1060-hour image of the Large Magellanic Cloud captured by amateur astronomers - dmitrybrant
https://astrospace-page.blogspot.com/2019/04/1060-hours-image-of-the-large-magellanic-cloud-chile.html
======
samirop
Hi Everyone! I'm glad to see so much interest in this Image in this amazing
community. I'm the CTO of Observatorio El Sauce, the observatory where this
telescope is located. This place is a fully robotic observatory that provides
a service called "Telescope Hosting", which basically means that people send
their telescopes and observe remotely from wherever they live. Why would they
do that instead of observing from their backyards? That's because in that part
of Chile we have the best sky quality for astronomy in the world, in terms of
amount of clear nights a year (320 clera nights a year), light pollution
(class 1 en Bortle scale), and in something called "seeing" (average below
1"), which is a measure of the smallest thing the sky would allow you to image
(the smaller the better).
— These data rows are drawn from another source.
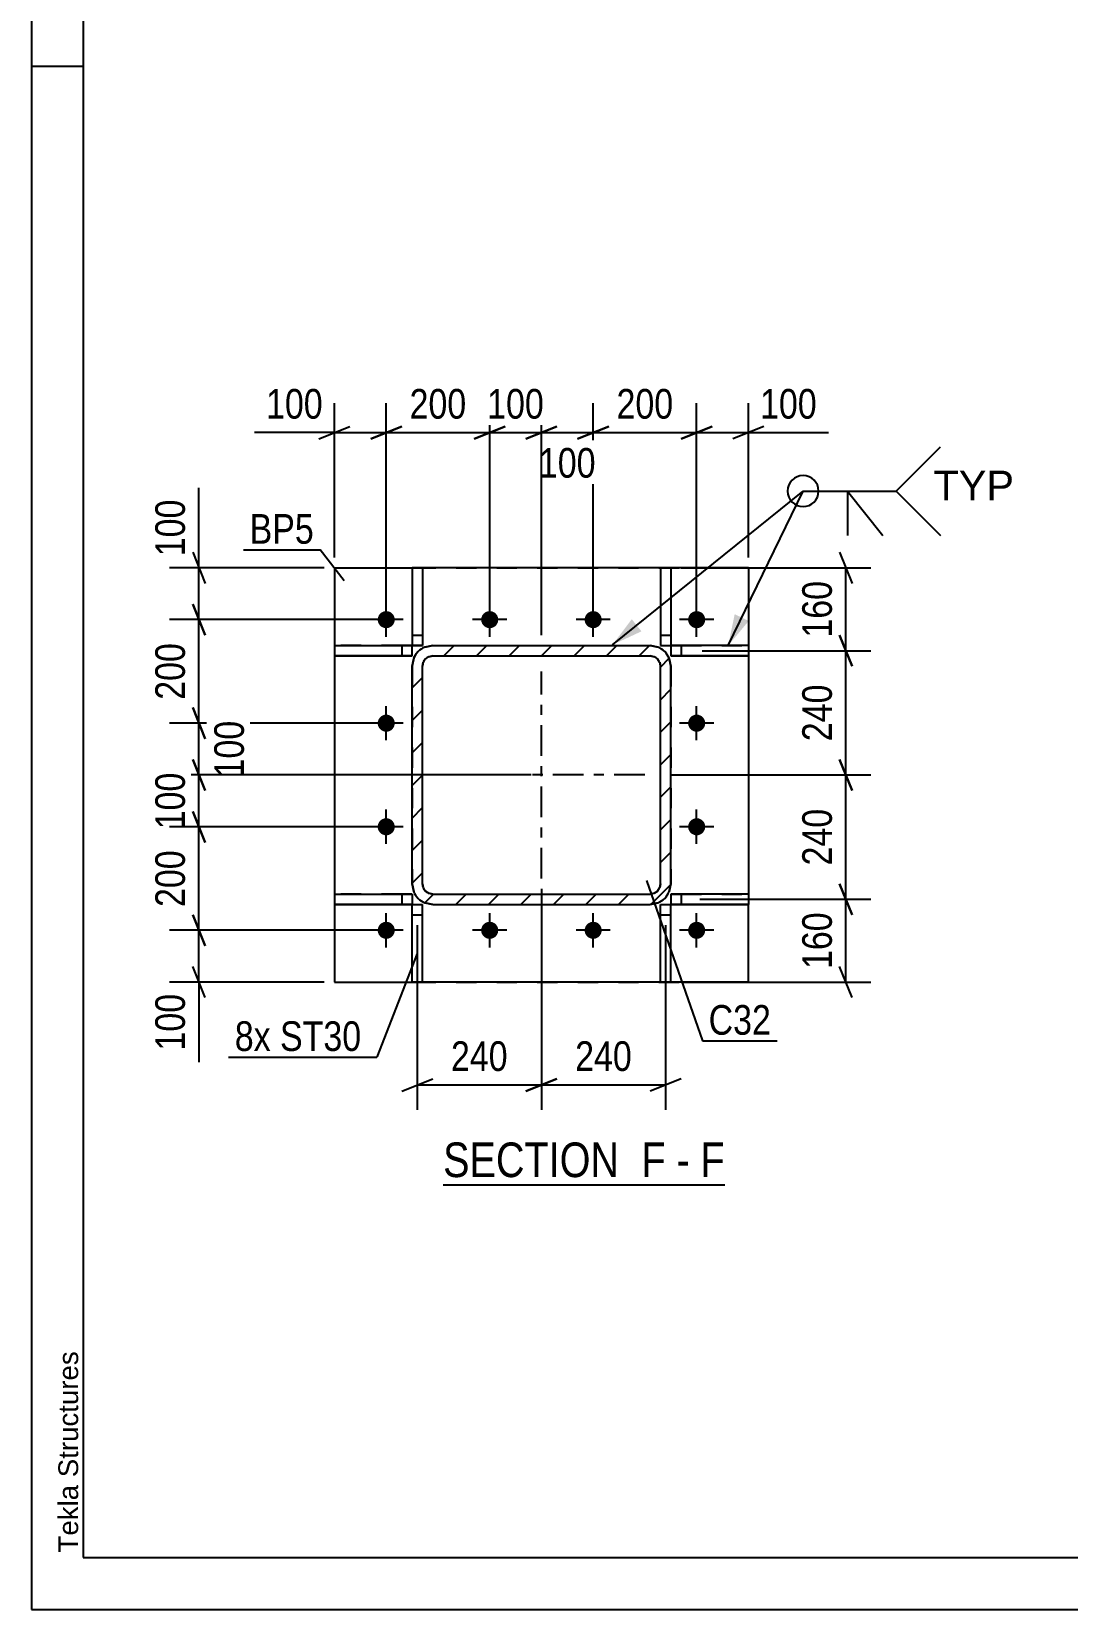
# Model space of a CAD drawing. Header units: millimetres. Extents: x -127 to 467, y -181 to 239.
# Drawn here: x -127 to -26.9, y -180.8 to -28.4 of the extents above; entities that cross this region are included whole.
import ezdxf

# ---------------------------------------------------------------- set-up
doc = ezdxf.new("R2010")
doc.units = ezdxf.units.MM
doc.linetypes.add('DXK_LINE_DOT2', pattern=[3.9198, 1.9599, -1.9599])
doc.linetypes.add('DXK_LINE_DOT3', pattern=[5.9187, 2.979, -0.9799, 0.9799, -0.9799])
doc.styles.add('Arial', font='ARIAL.TTF', dxfattribs={"height": 0.2})
doc.styles.add('Arial Narrow', font='ARIALN.TTF', dxfattribs={"height": 0.2})

# ---------------------------------------------------------------- blocks, each defined once
blk = doc.blocks.new('Unknown-339278888-1134')
at = {"color": 5, "linetype": 'Continuous'}
for p, q in [((-127.03, 239.2), (-127.03, -180.8)), ((-122.03, 234.2), (-122.03, -175.8)), ((-122.03, -31.8), (-127.03, -31.8)), ((-122.03, -175.8), (461.97, -175.8)), ((-127.03, -180.8), (466.97, -180.8))]:
    blk.add_line(p, q, dxfattribs=at)
at = {"color": 174, "linetype": 'Continuous', "style": 'Arial'}
blk.add_text('Tekla Structures', height=1.9102, rotation=90, dxfattribs=at).set_placement((-122.53, -175.3))
blk = doc.blocks.new('Unknown-339278888-11 - 2778')
at = {"color": 6, "linetype": 'Continuous'}
blk.add_line((-87.26, -139.8), (-60.05, -139.8), dxfattribs=at)
at = {"color": 0, "linetype": 'Continuous'}
for points in [[(-69.15, -139.05), (-69.15, -135.55), (-87.26, -135.55), (-87.26, -139.05)], [(-65.76, -139.05), (-65.76, -135.55), (-68.1, -135.55), (-68.1, -139.05)], [(-63.44, -139.05), (-63.44, -135.55), (-64.71, -135.55), (-64.71, -139.05)], [(-60.05, -139.05), (-60.05, -135.55), (-62.39, -135.55), (-62.39, -139.05)]]:
    blk.add_wipeout(points, dxfattribs=at)
at = {"color": 7, "linetype": 'Continuous', "style": 'Arial Narrow'}
for s, p in [('SECTION ', (-87.26, -139.05)), ('F', (-68.1, -139.05)), ('F', (-62.39, -139.05)), ('-', (-64.71, -139.05))]:
    blk.add_text(s, height=3.34, dxfattribs=at).set_placement(p)
blk = doc.blocks.new('Part-339278888-2862 - 2778')
at = {"color": 2, "linetype": 'Continuous'}
for p, q in [((-66.26, -80.22), (-66.26, -87.72)), ((-65.26, -80.22), (-66.26, -80.22)), ((-65.26, -80.22), (-65.26, -87.72)), ((-66.26, -86.72), (-65.26, -86.72)), ((-66.26, -87.72), (-65.26, -87.72)), ((-66.26, -87.72), (-65.26, -87.72))]:
    blk.add_line(p, q, dxfattribs=at)
at = {"color": 7, "linetype": 'DXK_LINE_DOT2'}
for p, q in [((-66.26, -80.22), (-65.26, -80.22)), ((-66.26, -86.72), (-65.26, -86.72)), ((-65.26, -87.72), (-65.26, -87.72))]:
    blk.add_line(p, q, dxfattribs=at)
blk = doc.blocks.new('Part-339278888-2847 - 2778')
at = {"color": 2, "linetype": 'Continuous'}
for p, q in [((-97.76, -111.72), (-97.76, -111.72)), ((-97.76, -111.72), (-91.26, -111.72)), ((-97.76, -111.72), (-97.76, -112.72)), ((-97.76, -112.72), (-91.26, -112.72)), ((-91.26, -112.72), (-97.76, -112.72)), ((-91.26, -111.72), (-90.26, -111.72)), ((-91.26, -111.72), (-91.26, -112.72)), ((-91.26, -112.72), (-90.26, -112.72)), ((-90.26, -112.72), (-91.26, -112.72)), ((-90.26, -111.72), (-90.26, -112.72))]:
    blk.add_line(p, q, dxfattribs=at)
at = {"color": 7, "linetype": 'DXK_LINE_DOT2'}
for p, q in [((-91.26, -111.72), (-97.76, -111.72)), ((-90.26, -111.72), (-91.26, -111.72)), ((-91.26, -112.72), (-91.26, -112.72)), ((-90.26, -111.72), (-90.26, -111.72)), ((-90.26, -112.72), (-90.26, -112.72)), ((-90.26, -112.72), (-90.26, -112.72))]:
    blk.add_line(p, q, dxfattribs=at)
blk = doc.blocks.new('Part-339278888-2867 - 2778')
at = {"color": 2, "linetype": 'Continuous'}
for p, q in [((-90.26, -80.22), (-90.26, -87.72)), ((-89.26, -80.22), (-90.26, -80.22)), ((-89.26, -80.22), (-89.26, -87.72)), ((-90.26, -86.72), (-89.26, -86.72)), ((-89.26, -87.72), (-90.26, -87.72)), ((-90.26, -87.72), (-89.26, -87.72))]:
    blk.add_line(p, q, dxfattribs=at)
at = {"color": 7, "linetype": 'DXK_LINE_DOT2'}
for p, q in [((-90.26, -80.22), (-89.26, -80.22)), ((-90.26, -86.72), (-89.26, -86.72)), ((-90.26, -87.72), (-90.26, -87.72))]:
    blk.add_line(p, q, dxfattribs=at)
blk = doc.blocks.new('Part-339278888-2788 - 2778')
at = {"color": 2, "linetype": 'Continuous'}
for p, q in [((-97.76, -80.22), (-90.26, -80.22)), ((-97.76, -80.22), (-97.76, -80.22)), ((-97.76, -80.22), (-97.76, -87.72)), ((-66.26, -80.22), (-89.26, -80.22)), ((-57.76, -80.22), (-65.26, -80.22)), ((-57.76, -80.22), (-57.76, -80.22)), ((-57.76, -80.22), (-57.76, -87.72)), ((-97.76, -88.72), (-97.76, -111.72)), ((-57.76, -88.72), (-57.76, -111.72)), ((-97.76, -112.72), (-97.76, -120.22)), ((-57.76, -120.22), (-57.76, -112.72)), ((-97.76, -120.22), (-90.26, -120.22)), ((-66.26, -120.22), (-89.26, -120.22)), ((-57.76, -120.22), (-65.26, -120.22))]:
    blk.add_line(p, q, dxfattribs=at)
at = {"color": 7, "linetype": 'DXK_LINE_DOT2'}
for p, q in [((-97.76, -80.22), (-57.76, -80.22)), ((-90.26, -80.22), (-89.26, -80.22)), ((-65.26, -80.22), (-66.26, -80.22)), ((-97.76, -87.72), (-97.76, -88.72)), ((-57.76, -87.72), (-57.76, -88.72)), ((-97.76, -111.72), (-97.76, -112.72)), ((-57.76, -111.72), (-57.76, -112.72)), ((-97.76, -120.22), (-57.76, -120.22)), ((-90.26, -120.22), (-89.26, -120.22)), ((-65.26, -120.22), (-66.26, -120.22))]:
    blk.add_line(p, q, dxfattribs=at)
blk = doc.blocks.new('Part-339278888-2842 - 2778')
at = {"color": 2, "linetype": 'Continuous'}
for p, q in [((-97.76, -87.72), (-97.76, -87.72)), ((-97.76, -87.72), (-91.26, -87.72)), ((-97.76, -87.72), (-97.76, -88.72)), ((-91.26, -87.72), (-90.26, -87.72)), ((-91.26, -87.72), (-91.26, -88.72)), ((-90.26, -88.72), (-90.26, -87.72)), ((-97.76, -88.72), (-91.26, -88.72)), ((-91.26, -88.72), (-97.76, -88.72)), ((-91.26, -88.72), (-90.26, -88.72)), ((-90.26, -88.72), (-91.26, -88.72)), ((-90.26, -88.72), (-90.26, -88.72))]:
    blk.add_line(p, q, dxfattribs=at)
at = {"color": 7, "linetype": 'DXK_LINE_DOT2'}
for p, q in [((-91.26, -87.72), (-97.76, -87.72)), ((-90.26, -87.72), (-91.26, -87.72)), ((-90.26, -87.72), (-90.26, -87.72)), ((-91.26, -88.72), (-91.26, -88.72))]:
    blk.add_line(p, q, dxfattribs=at)
blk = doc.blocks.new('Part-339278888-2852 - 2778')
at = {"color": 2, "linetype": 'Continuous'}
for p, q in [((-64.26, -87.72), (-65.26, -87.72)), ((-65.26, -87.72), (-65.26, -88.72)), ((-64.26, -87.72), (-64.26, -88.72)), ((-57.76, -87.72), (-64.26, -87.72)), ((-57.76, -87.72), (-57.76, -88.72)), ((-65.26, -88.72), (-64.26, -88.72)), ((-64.26, -88.72), (-65.26, -88.72)), ((-65.26, -88.72), (-65.26, -88.72)), ((-65.26, -88.72), (-65.26, -88.72)), ((-64.26, -88.72), (-57.76, -88.72)), ((-57.76, -88.72), (-64.26, -88.72)), ((-57.76, -88.72), (-57.76, -88.72))]:
    blk.add_line(p, q, dxfattribs=at)
at = {"color": 7, "linetype": 'DXK_LINE_DOT2'}
for p, q in [((-65.26, -87.72), (-64.26, -87.72)), ((-64.26, -87.72), (-57.76, -87.72)), ((-64.26, -88.72), (-64.26, -88.72)), ((-57.76, -88.72), (-57.76, -88.72))]:
    blk.add_line(p, q, dxfattribs=at)
blk = doc.blocks.new('Part-339278888-2857 - 2778')
at = {"color": 2, "linetype": 'Continuous'}
for p, q in [((-64.26, -111.72), (-65.26, -111.72)), ((-65.26, -111.72), (-65.26, -112.72)), ((-65.26, -112.72), (-64.26, -112.72)), ((-64.26, -112.72), (-65.26, -112.72)), ((-64.26, -111.72), (-64.26, -112.72)), ((-57.76, -111.72), (-64.26, -111.72)), ((-64.26, -112.72), (-57.76, -112.72)), ((-57.76, -112.72), (-64.26, -112.72)), ((-57.76, -111.72), (-57.76, -112.72)), ((-57.76, -112.72), (-57.76, -112.72))]:
    blk.add_line(p, q, dxfattribs=at)
at = {"color": 7, "linetype": 'DXK_LINE_DOT2'}
for p, q in [((-65.26, -111.72), (-64.26, -111.72)), ((-65.26, -112.72), (-65.26, -112.72)), ((-65.26, -112.72), (-65.26, -112.72)), ((-64.26, -111.72), (-57.76, -111.72)), ((-64.26, -112.72), (-64.26, -112.72)), ((-57.76, -112.72), (-57.76, -112.72))]:
    blk.add_line(p, q, dxfattribs=at)
blk = doc.blocks.new('Part-339278888-2872 - 2778')
at = {"color": 2, "linetype": 'Continuous'}
for p, q in [((-66.26, -112.72), (-65.26, -112.72)), ((-66.26, -120.22), (-66.26, -112.72)), ((-65.26, -120.22), (-65.26, -112.72)), ((-66.26, -113.72), (-65.26, -113.72)), ((-66.26, -120.22), (-65.26, -120.22))]:
    blk.add_line(p, q, dxfattribs=at)
at = {"color": 7, "linetype": 'DXK_LINE_DOT2'}
for p, q in [((-66.26, -112.72), (-65.26, -112.72)), ((-66.26, -113.72), (-65.26, -113.72)), ((-65.26, -120.22), (-66.26, -120.22))]:
    blk.add_line(p, q, dxfattribs=at)
blk = doc.blocks.new('Part-339278888-2877 - 2778')
at = {"color": 2, "linetype": 'Continuous'}
for p, q in [((-90.26, -112.72), (-89.26, -112.72)), ((-90.26, -120.22), (-90.26, -112.72)), ((-89.26, -120.22), (-89.26, -112.72)), ((-90.26, -113.72), (-89.26, -113.72)), ((-90.26, -120.22), (-89.26, -120.22))]:
    blk.add_line(p, q, dxfattribs=at)
at = {"color": 7, "linetype": 'DXK_LINE_DOT2'}
for p, q in [((-90.26, -112.72), (-89.26, -112.72)), ((-90.26, -113.72), (-89.26, -113.72)), ((-89.26, -120.22), (-90.26, -120.22))]:
    blk.add_line(p, q, dxfattribs=at)
blk = doc.blocks.new('Part-339278888-2882 - 2778')
at = {"linetype": 'Continuous'}
h = blk.add_hatch(dxfattribs=at)
h.set_pattern_fill('', scale=0.7, style=0, pattern_type=0)
h.set_pattern_definition([(45, (-65.4083, -88.9537), (-1.57154, 1.57154), [])])
h.paths.add_polyline_path([(-65.26, -89.72), (-65.41, -88.95), (-65.84, -88.3), (-66.49, -87.87), (-67.26, -87.72), (-88.26, -87.72), (-89.02, -87.87), (-89.67, -88.3), (-90.1, -88.95), (-90.26, -89.72), (-90.26, -110.72), (-90.1, -111.48), (-89.67, -112.13), (-89.02, -112.57), (-88.26, -112.72), (-67.26, -112.72), (-66.49, -112.57), (-65.84, -112.13), (-65.41, -111.48), (-65.26, -110.72)])
h.paths.add_polyline_path([(-66.33, -111.1), (-66.55, -111.43), (-66.87, -111.64), (-67.26, -111.72), (-88.26, -111.72), (-88.64, -111.64), (-88.96, -111.43), (-89.18, -111.1), (-89.26, -110.72), (-89.26, -89.72), (-89.18, -89.34), (-88.96, -89.01), (-88.64, -88.8), (-88.26, -88.72), (-67.26, -88.72), (-66.87, -88.8), (-66.55, -89.01), (-66.33, -89.34), (-66.26, -89.72), (-66.26, -110.72)])
at = {"color": 7, "linetype": 'DXK_LINE_DOT2'}
for p, q in [((-89.02, -87.87), (-88.26, -87.72)), ((-88.26, -87.72), (-67.26, -87.72)), ((-88.26, -87.72), (-88.26, -87.72)), ((-67.26, -87.72), (-67.26, -87.72)), ((-67.26, -87.72), (-66.49, -87.87)), ((-90.26, -89.72), (-90.1, -88.96)), ((-90.26, -89.72), (-90.26, -110.72)), ((-89.18, -89.34), (-89.26, -89.72)), ((-89.26, -89.72), (-89.26, -89.72)), ((-89.26, -110.72), (-89.26, -89.72)), ((-89.18, -89.34), (-89.18, -89.34)), ((-66.33, -89.34), (-66.33, -89.34)), ((-66.26, -89.72), (-66.33, -89.34)), ((-66.26, -89.72), (-66.26, -89.72)), ((-66.26, -110.72), (-66.26, -89.72)), ((-65.41, -88.96), (-65.26, -89.72)), ((-65.26, -89.72), (-65.26, -110.72)), ((-90.1, -111.48), (-90.26, -110.72)), ((-89.26, -110.72), (-89.26, -110.72)), ((-89.26, -110.72), (-89.18, -111.1)), ((-66.33, -111.1), (-66.26, -110.72)), ((-66.26, -110.72), (-66.26, -110.72)), ((-65.26, -110.72), (-65.41, -111.48)), ((-88.64, -111.64), (-88.26, -111.72)), ((-88.26, -111.72), (-88.26, -111.72)), ((-88.26, -111.72), (-67.26, -111.72)), ((-67.26, -111.72), (-66.87, -111.64)), ((-67.26, -111.72), (-67.26, -111.72))]:
    blk.add_line(p, q, dxfattribs=at)
at = {"color": 2, "linetype": 'Continuous'}
for p, q in [((-88.26, -87.72), (-89.02, -87.87)), ((-88.26, -87.72), (-67.26, -87.72)), ((-66.49, -87.87), (-67.26, -87.72)), ((-90.1, -88.95), (-90.26, -89.72)), ((-90.26, -110.72), (-90.26, -89.72)), ((-89.26, -89.72), (-89.18, -89.34)), ((-89.26, -110.72), (-89.26, -89.72)), ((-88.26, -88.72), (-88.64, -88.8)), ((-88.64, -88.8), (-88.26, -88.72)), ((-88.26, -88.72), (-88.26, -88.72)), ((-88.26, -88.72), (-67.26, -88.72)), ((-88.26, -88.72), (-67.26, -88.72)), ((-67.26, -88.72), (-67.26, -88.72)), ((-66.87, -88.8), (-67.26, -88.72)), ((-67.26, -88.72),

Thus, from our observatory our clients get the best
possible image they can get with their telescopes.

Also, a good friend of mine developed this digital scope so you can zoom in
the picture easily without going back to the 90ties internet experience:
[https://scope.avocco.com/case/20/eWKcUiIXpuQU9V0z](https://scope.avocco.com/case/20/eWKcUiIXpuQU9V0z)

I'd be happy to answer to your questions :) Enjoy!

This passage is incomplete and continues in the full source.